*** AVAILABLE DATA ***

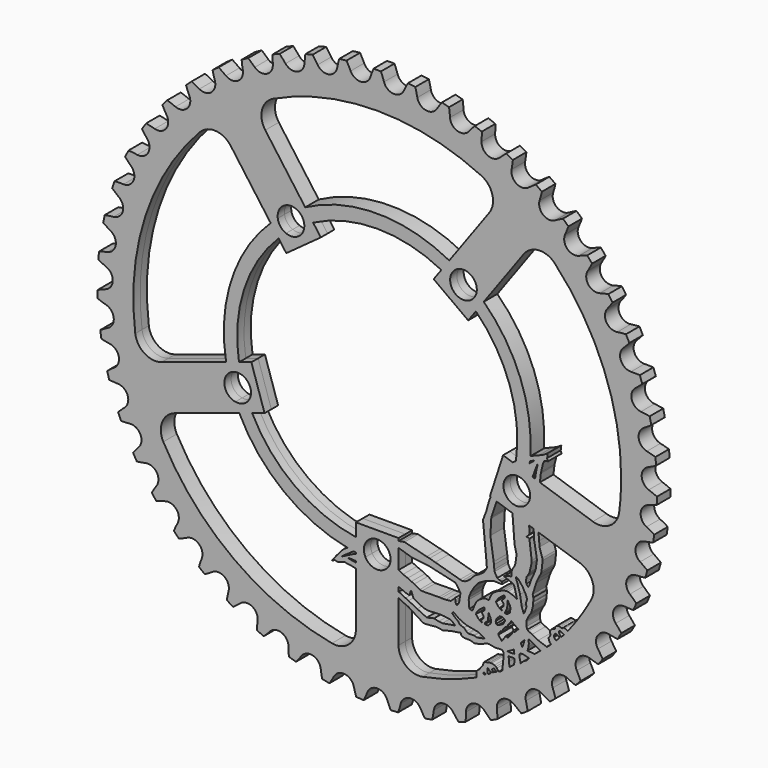
from build123d import *

# Parameters (mm, degrees)
F0_R     = 95.23914061
F2_DEPTH = 3.175
F3_DEPTH = 3.175


# Not quite as in the source:
# - a length typed as a fraction of an inch, garbled in the dataset ("3 / 203.2 mm" for 3/8 in), is restored


with BuildPart() as f2:
    # F0 (on Front) → F2 (new body, symmetric)
    with BuildSketch(Plane.XZ):
        with BuildLine():
            ThreePointArc((1.3974512393, 104.8471286678), (0, 104.8564411939), (-1.3974512393, 104.8471286678))
            ThreePointArc((-1.3974512393, 104.8471286678), (-1.9989055088, 103.3019703404), (-2.5462079028, 101.7368116953))
            ThreePointArc((-2.5462079028, 101.7368116953), (-3.9052398194, 99.8191421504), (-6.1056801538, 98.9930146972))
            ThreePointArc((-6.1056801538, 98.9930146972), (-8.3909636625, 99.5424721739), (-9.9753539423, 101.2785976519))
            ThreePointArc((-9.9753539423, 101.2785976519), (-10.7108477336, 102.7646361365), (-11.4976251519, 104.2241712642))
            ThreePointArc((-11.4976251519, 104.2241712642), (-12.8856288235, 104.061682812), (-14.2713436942, 103.880710476))
            ThreePointArc((-14.2713436942, 103.880710476), (-14.6783573813, 102.2733519742), (-15.0291718315, 100.6527993782))
            ThreePointArc((-15.0291718315, 100.6527993782), (-16.1422438465, 98.5826556819), (-18.224484574, 97.4923815023))
            ThreePointArc((-18.224484574, 97.4923815023), (-20.5599686886, 97.7568397874), (-22.34569959, 99.2851033058))
            ThreePointArc((-22.34569959, 99.2851033058), (-23.2582354424, 100.6694948013), (-24.2184092659, 102.0212816645))
            ThreePointArc((-24.2184092659, 102.0212816645), (-25.5759246489, 101.6894553933), (-26.9288971262, 101.3395666036))
            ThreePointArc((-26.9288971262, 101.3395666036), (-27.1353003181, 99.6943738437), (-27.2843088352, 98.0429932223))
            ThreePointArc((-27.2843088352, 98.0429932223), (-28.1345479113, 95.8517566428), (-30.0670243851, 94.5138631821))
            ThreePointArc((-30.0670243851, 94.5138631821), (-32.417305547, 94.4893133574), (-34.3773072098, 95.7865479992))
            ThreePointArc((-34.3773072098, 95.7865479992), (-35.45305201, 97.0483065417), (-36.5720669823, 98.2718534296))
            ThreePointArc((-36.5720669823, 98.2718534296), (-37.8785155273, 97.7757194874), (-39.1782359275, 97.2622182014))
            ThreePointArc((-39.1782359275, 97.2622182014), (-39.1808997623, 95.6041306286), (-39.125843529, 93.9469552287))
            ThreePointArc((-39.125843529, 93.9469552287), (-39.7003609085, 91.667842679), (-41.4537787551, 90.1026110382))
            ThreePointArc((-41.4537787551, 90.1026110382), (-43.7832290977, 89.7894252541), (-45.8877898946, 90.8359662645))
            ThreePointArc((-45.8877898946, 90.8359662645), (-47.110436448, 91.9559648806), (-48.3713294427, 93.0327240695))
            ThreePointArc((-48.3713294427, 93.0327240695), (-49.6069067216, 92.3798033412), (-50.8336726082, 91.7104737148))
            ThreePointArc((-50.8336726082, 91.7104737148), (-50.632556705, 90.0646262467), (-50.3742703176, 88.4267771581))
            ThreePointArc((-50.3742703176, 88.4267771581), (-50.6643569028, 86.0943376612), (-52.2121360949, 84.3254951565))
            ThreePointArc((-52.2121360949, 84.3254951565), (-54.4854435255, 83.7284209902), (-56.70266046, 84.5084038742))
            ThreePointArc((-56.70266046, 84.5084038742), (-58.0536746912, 85.4696645266), (-59.4373318558, 86.3833134448))
            ThreePointArc((-59.4373318558, 86.3833134448), (-60.5833077764, 85.5835035431), (-61.7185226292, 84.7684919313))
            ThreePointArc((-61.7185226292, 84.7684919313), (-61.3166757, 83.1598339377), (-60.8590745169, 81.5661392831))
            ThreePointArc((-60.8590745169, 81.5661392831), (-60.8603328907, 79.2157302442), (-62.1790106736, 77.2700907249))
            ThreePointArc((-62.1790106736, 77.2700907249), (-64.3617141688, 76.3981792122), (-66.6579764924, 76.8997802243))
            ThreePointArc((-66.6579764924, 76.8997802243), (-68.1168784028, 77.6877311814), (-69.6023249051, 78.4244198426))
            ThreePointArc((-69.6023249051, 78.4244198426), (-70.6413276406, 77.4898450703), (-71.6677827595, 76.5415062183))
            ThreePointArc((-71.6677827595, 76.5415062183), (-71.0712963941, 74.9944233147), (-70.4213171828, 73.4690418805))
            ThreePointArc((-70.4213171828, 73.4690418805), (-70.1337282697, 71.1362931047), (-71.2033148323, 69.0433504827))
            ThreePointArc((-71.2033148323, 69.0433504827), (-73.2623268321, 67.9098189133), (-75.6028255485, 68.1254342936))
            ThreePointArc((-75.6028255485, 68.1254342936), (-77.1474996722, 68.7281310219), (-78.7122176575, 69.276691977))
            ThreePointArc((-78.7122176575, 69.276691977), (-79.6284969855, 68.221519535), (-80.5306323574, 67.1542292932))
            ThreePointArc((-80.5306323574, 67.1542292932), (-79.748548681, 65.6921736793), (-78.9160444638, 64.2582286932))
            ThreePointArc((-78.9160444638, 64.2582286932), (-78.3439678185, 61.9785022741), (-79.1482493188, 59.7699834261))
            ThreePointArc((-79.1482493188, 59.7699834261), (-81.0523573, 58.3920149832), (-83.4016128346, 58.3183762222))
            ThreePointArc((-83.4016128346, 58.3183762222), (-85.0086434865, 58.7266824538), (-86.628913425, 59.0788000779))
            ThreePointArc((-86.628913425, 59.0788000779), (-87.408579485, 57.9190253048), (-88.172719657, 56.7489627052))
            ThreePointArc((-88.172719657, 56.7489627052), (-87.2168942611, 55.3940976539), (-86.2144849533, 54.0733262601))
            ThreePointArc((-86.2144849533, 54.0733262601), (-85.3665926745, 51.8811805265), (-85.8933770249, 49.5905643469))
            ThreePointArc((-85.8933770249, 49.5905643469), (-87.6137166516, 47.9890476274), (-89.9361166851, 47.6272710137))
            ThreePointArc((-89.9361166851, 47.6272710137), (-91.5811429185, 47.8349972424), (-93.2324031697, 47.9853337911))
            ThreePointArc((-93.2324031697, 47.9853337911), (-93.8636370189, 46.7385376903), (-94.478198405, 45.4834396894))
            ThreePointArc((-94.478198405, 45.4834396894), (-93.3631206282, 44.2563035737), (-92.2060017332, 43.0687273203))
            ThreePointArc((-92.2060017332, 43.0687273203), (-91.0951470036, 40.9973929669), (-91.3364486902, 38.6594028621))
            ThreePointArc((-91.3364486902, 38.6594028621), (-92.8469413671, 36.858615227), (-95.1072806824, 36.2141849253))
            ThreePointArc((-95.1072806824, 36.2141849253), (-96.7653655766, 36.2181822331), (-98.4225847182, 36.1644587577))
            ThreePointArc((-98.4225847182, 36.1644587577), (-98.8958174949, 34.8495414871), (-99.351483971, 33.5284340911))
            ThreePointArc((-99.351483971, 33.5284340911), (-98.0940572557, 32.4476290436), (-96.7997695163, 31.4112503761))
            ThreePointArc((-96.7997695163, 31.4112503761), (-95.4427917614, 29.4921267203), (-95.3949528966, 27.1422042371))
            ThreePointArc((-95.3949528966, 27.1422042371), (-96.6727010946, 25.1694437913), (-98.8367152516, 24.252128708))
            ThreePointArc((-98.8367152516, 24.252128708), (-100.4827239298, 24.0523364999), (-102.1207802088, 23.7953673935))
            ThreePointArc((-102.1207802088, 23.7953673935), (-102.4288381865, 22.4322617587), (-102.7187023133, 21.065171609))
            ThreePointArc((-102.7187023133, 21.065171609), (-101.3379879668, 20.1470815326), (-99.9261514659, 19.2776108951))
            ThreePointArc((-99.9261514659, 19.2776108951), (-98.343621085, 17.5397898952), (-98.0073668573, 15.2135574631))
            ThreePointArc((-98.0073668573, 15.2135574631), (-99.0330012161, 13.0987292441), (-101.0678859662, 11.9224349409))
            ThreePointArc((-101.0678859662, 11.9224349409), (-102.6768666145, 11.5218818629), (-104.2709287676, 11.0655625153))
            ThreePointArc((-104.2709287676, 11.0655625153), (-104.4091421014, 9.6749318081), (-104.5288098342, 8.2825825979))
            ThreePointArc((-104.5288098342, 8.2825825979), (-103.0457380786, 7.5411248023), (-101.5377548183, 6.8517424834))
            ThreePointArc((-101.5377548183, 6.8517424834), (-99.753661359, 5.3215677344), (-99.1340890397, 3.0542886658))
            ThreePointArc((-99.1340890397, 3.0542886658), (-99.8920619879, 0.8294513136), (-101.7669705525, -0.5879907869))
            ThreePointArc((-101.7669705525, -0.5879907869), (-103.3145326645, -1.1832327583), (-104.8404363343, -1.831985011))
            ThreePointArc((-104.8404363343, -1.831985011), (-104.8067098509, -3.2290602466), (-104.7543671488, -4.6255619225))
            ThreePointArc((-104.7543671488, -4.6255619225), (-103.1914198401, -5.1791476929), (-101.6101493096, -5.67799136))
            ThreePointArc((-101.6101493096, -5.67799136), (-99.6515378101, -6.9773239687), (-98.758039484, -9.1512800343))
            ThreePointArc((-98.758039484, -9.1512800343), (-99.2368609244, -11.4524002533), (-100.9233716008, -13.0895031738))
            ThreePointArc((-100.9233716008, -13.0895031738), (-102.3860557123, -13.870410777), (-103.8206697546, -14.701761512))
            ThreePointArc((-103.8206697546, -14.701761512), (-103.6155147131, -16.0841030394), (-103.3919550381, -17.4635876392))
            ThreePointArc((-103.3919550381, -17.4635876392), (-101.7728248644, -17.8209095885), (-100.142237513, -18.1216526423))
            ThreePointArc((-100.142237513, -18.1216526423), (-98.0387985272, -19.1704465528), (-96.8849187181, -21.2181246574))
            ThreePointArc((-96.8849187181, -21.2181246574), (-97.0773302057, -23.5606451062), (-98.5498772112, -25.3925920352))
            ThreePointArc((-98.5498772112, -25.3925920352), (-99.9055105221, -26.3473275071), (-101.2270876503, -27.3486742946))
            ThreePointArc((-101.2270876503, -27.3486742946), (-100.8536139921, -28.6953272254), (-100.4622262811, -30.0368831687))
            ThreePointArc((-100.4622262811, -30.0368831687), (-98.8114576053, -30.1925246603), (-97.1562714752, -30.2906081427))
            ThreePointArc((-97.1562714752, -30.2906081427), (-94.9398909938, -31.0729647084), (-93.5431213435, -32.9633241392))
            ThreePointArc((-93.5431213435, -32.9633241392), (-93.4462061162, -35.3117345958), (-94.6824671393, -37.3107550852))
            ThreePointArc((-94.6824671393, -37.3107550852), (-95.9104996304, -38.4248456091), (-97.0990060825, -39.5810090527))
            ThreePointArc((-97.0990060825, -39.5810090527), (-96.5628752875, -40.8715595011), (-96.0095925791, -42.1548501673))
            ThreePointArc((-96.0095925791, -42.1548501673), (-94.3522093717, -42.1064518349), (-92.6975153974, -42.0003889001))
            ThreePointArc((-92.6975153974, -42.0003889001), (-90.4017914894, -42.504448393), (-88.7833056019, -44.2088332281))
            ThreePointArc((-88.7833056019, -44.2088332281), (-88.3985327959, -46.5275341837), (-89.3797673795, -48.6633251205))
            ThreePointArc((-89.3797673795, -48.6633251205), (-90.4615833302, -49.9198822198), (-91.4990025598, -51.2133360601))
            ThreePointArc((-91.4990025598, -51.2133360601), (-90.8083418243, -52.4282205969), (-90.1015513205, -53.6337926077))
            ThreePointArc((-90.1015513205, -53.6337926077), (-88.4626778214, -53.3820881206), (-86.8335594768, -53.0734865747))
            ThreePointArc((-86.8335594768, -53.0734865747), (-84.4932929765, -53.2916079667), (-82.6776254481, -54.7841814692))
            ThreePointArc((-82.6776254481, -54.7841814692), (-82.0108278269, -57.0380237809), (-82.722161455, -59.2782087517))
            ThreePointArc((-82.722161455, -59.2782087517), (-83.6413616381, -60.6581843016), (-84.5119674272, -62.0693210969))
            ThreePointArc((-84.5119674272, -62.0693210969), (-83.677246464, -63.1901233109), (-82.8276623883, -64.2997014234))
            ThreePointArc((-82.8276623883, -64.2997014234), (-81.2321422492, -63.8485063651), (-79.6532953078, -63.342044293))
            ThreePointArc((-79.6532953078, -63.342044293), (-77.3039622698, -63.270921086), (-75.3186367695, -64.5290573631))
            ThreePointArc((-75.3186367695, -64.5290573631), (-74.3799223052, -66.683875079), (-74.8105718852, -68.9944951631))
            ThreePointArc((-74.8105718852, -68.9944951631), (-75.5532221629, -70.476970141), (-76.2438170152, -71.9843984958))
            ThreePointArc((-76.2438170152, -71.9843984958), (-75.2776893432, -72.9941281679), (-74.2981905242, -73.990892309))
            ThreePointArc((-74.2981905242, -73.990892309), (-72.770210204, -73.3470463367), (-71.265568376, -72.6504011871))
            ThreePointArc((-71.265568376, -72.6504011871), (-68.9427822944, -72.2911115366), (-66.817894333, -73.2957385248))
            ThreePointArc((-66.817894333, -73.2957385248), (-65.6214929802, -75.3188668047), (-65.7649303033, -77.664895357))
            ThreePointArc((-65.7649303033, -77.664895357), (-66.3197728544, -79.2273969532), (-66.8198880558, -80.8082657904))
            ThreePointArc((-66.8198880558, -80.8082657904), (-65.7369991858, -81.691616448), (-64.6424338271, -82.5604566893))
            ThreePointArc((-64.6424338271, -82.5604566893), (-63.20515595, -81.7337198516), (-61.7975280718, -80.857452055))
            ThreePointArc((-61.7975280718, -80.857452055), (-59.5365000158, -80.2154424257), (-57.3042607288, -80.9513310039))
            ThreePointArc((-57.3042607288, -80.9513310039), (-55.8683087124, -82.8121012854), (-55.7223594151, -85.1579749044))
            ThreePointArc((-55.7223594151, -85.1579749044), (-56.0809833921, -86.7768171877), (-56.3830377061, -88.407162147))
            ThreePointArc((-56.3830377061, -88.407162147), (-55.1998031293, -89.1507430946), (-54.006763726, -89.8784887038))
            ThreePointArc((-54.006763726, -89.8784887038), (-52.6819759595, -88.8813934884), (-51.3927002349, -87.8387863712))
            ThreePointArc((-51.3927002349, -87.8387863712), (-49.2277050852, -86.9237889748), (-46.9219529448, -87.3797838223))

*** End of AVAILABLE DATA ***

» **ACTIVITY**: Among the records above, only the lines between the line holding "-63.270921086), (-75.3186367695, -64.5290573631))" and the line holding "-75.3188668047), (-65.7649303033, -77.664895357))", inclusive, are to be output, exactly as written.

» **WRITTEN SOLUTION**:
            ThreePointArc((-79.6532953078, -63.342044293), (-77.3039622698, -63.270921086), (-75.3186367695, -64.5290573631))
            ThreePointArc((-75.3186367695, -64.5290573631), (-74.3799223052, -66.683875079), (-74.8105718852, -68.9944951631))
            ThreePointArc((-74.8105718852, -68.9944951631), (-75.5532221629, -70.476970141), (-76.2438170152, -71.9843984958))
            ThreePointArc((-76.2438170152, -71.9843984958), (-75.2776893432, -72.9941281679), (-74.2981905242, -73.990892309))
            ThreePointArc((-74.2981905242, -73.990892309), (-72.770210204, -73.3470463367), (-71.265568376, -72.6504011871))
            ThreePointArc((-71.265568376, -72.6504011871), (-68.9427822944, -72.2911115366), (-66.817894333, -73.2957385248))
            ThreePointArc((-66.817894333, -73.2957385248), (-65.6214929802, -75.3188668047), (-65.7649303033, -77.664895357))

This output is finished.